6. We are therefore of the view that it is clear that the constitution bench which decided in Mafatlal Industries Ltd. specifically laid down that even in the case of duty paid under protest, the requirement under Sub-section (2) of Section 11B will apply. Respectfully, following this judgment, we are unable to accept the contention of the appellant to the contrary.

7. The last contention of the counsel for the appellant is that the fact that the price of the goods rests upon the contract between it and the two buyers. Clause 6 of the terms of the purchase order provides that “the price was accepted as firm and should be kept firm throughout the contract period. No price variation will be accepted,” The contract between the appellant and another purchaser, Aban Loyd Chiles Offshore Ltd., also provides that the prices are inclusive of taxes. Therefore, he contends that incidence of duty had not been passed on.
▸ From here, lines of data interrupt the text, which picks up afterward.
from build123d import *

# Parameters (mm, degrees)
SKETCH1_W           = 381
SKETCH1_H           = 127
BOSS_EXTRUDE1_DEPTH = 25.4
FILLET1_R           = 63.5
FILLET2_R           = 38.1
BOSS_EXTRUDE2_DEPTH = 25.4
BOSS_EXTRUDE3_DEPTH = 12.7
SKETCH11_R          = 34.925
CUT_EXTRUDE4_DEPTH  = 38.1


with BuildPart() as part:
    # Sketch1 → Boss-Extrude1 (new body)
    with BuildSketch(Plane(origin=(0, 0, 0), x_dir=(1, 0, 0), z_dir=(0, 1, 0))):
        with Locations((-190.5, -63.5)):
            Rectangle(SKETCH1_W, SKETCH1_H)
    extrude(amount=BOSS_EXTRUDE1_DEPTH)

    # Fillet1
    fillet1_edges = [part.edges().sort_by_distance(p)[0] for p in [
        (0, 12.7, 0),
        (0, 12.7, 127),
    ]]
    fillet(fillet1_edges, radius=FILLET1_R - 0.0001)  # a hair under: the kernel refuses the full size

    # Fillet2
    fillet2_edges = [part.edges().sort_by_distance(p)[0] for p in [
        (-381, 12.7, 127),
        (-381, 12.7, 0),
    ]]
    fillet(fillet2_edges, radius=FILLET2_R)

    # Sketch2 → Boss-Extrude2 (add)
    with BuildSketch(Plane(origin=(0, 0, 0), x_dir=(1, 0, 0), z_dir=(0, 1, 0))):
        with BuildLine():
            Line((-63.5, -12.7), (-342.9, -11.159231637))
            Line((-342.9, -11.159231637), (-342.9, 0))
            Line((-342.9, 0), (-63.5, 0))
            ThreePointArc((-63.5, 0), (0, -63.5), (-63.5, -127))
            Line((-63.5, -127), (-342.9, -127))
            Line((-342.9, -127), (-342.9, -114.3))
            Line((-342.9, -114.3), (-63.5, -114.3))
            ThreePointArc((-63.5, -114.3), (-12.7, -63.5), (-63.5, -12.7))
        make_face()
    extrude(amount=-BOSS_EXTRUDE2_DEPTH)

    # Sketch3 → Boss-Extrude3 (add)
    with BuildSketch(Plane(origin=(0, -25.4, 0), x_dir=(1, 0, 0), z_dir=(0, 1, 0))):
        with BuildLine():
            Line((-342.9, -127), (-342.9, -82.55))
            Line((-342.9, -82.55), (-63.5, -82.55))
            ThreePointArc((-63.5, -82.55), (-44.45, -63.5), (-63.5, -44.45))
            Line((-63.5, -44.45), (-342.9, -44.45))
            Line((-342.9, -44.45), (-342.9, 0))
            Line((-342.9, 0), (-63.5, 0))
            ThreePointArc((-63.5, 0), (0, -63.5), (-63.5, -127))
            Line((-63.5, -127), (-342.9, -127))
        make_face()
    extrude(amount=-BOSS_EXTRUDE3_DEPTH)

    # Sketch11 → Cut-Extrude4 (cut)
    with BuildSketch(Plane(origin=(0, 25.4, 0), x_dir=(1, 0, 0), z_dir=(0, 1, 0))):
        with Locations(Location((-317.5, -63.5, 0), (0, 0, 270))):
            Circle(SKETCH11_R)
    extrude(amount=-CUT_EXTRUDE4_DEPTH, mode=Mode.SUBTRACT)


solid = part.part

8. We are not able to accept this submission. The fact that the price of the goods remain the same, when different rates of duty are paid on it, does not lead to the inevitable conclusion that incidence of duty has not been passed on to the buyer. It is possible that the uniformity in price may be due to various other factors. He may have reduced or done away the profit or have been carrying the loss. This is in fact the Supreme Court in Mafatlal Industries Ltd, in paragraph 91 when it says, “Similarly, no one will ordinarily pass on less excise duty than what is exigible and payable. A manufacturer may dip into his profits but would not further dip into the excise duty component. He will do so only in the case of a distress sale. Again, just because duty is not separately shown in the invoice price, it does not follow that the manufacturer is not passing on the duty. Nor does it follow therefrom that the manufacturer is absorbing the duty himself.” This decision has been applied by the Tribunal in its decision in CCE v. Christine Hoden (I) Pvt. Ltd. (Order No. C-II/144/WZB/2003, dated 91-2003 [2003 (155) E.L.T. 271 (Tri. -Mumbai)].

9. The appeal is accordingly dismissed.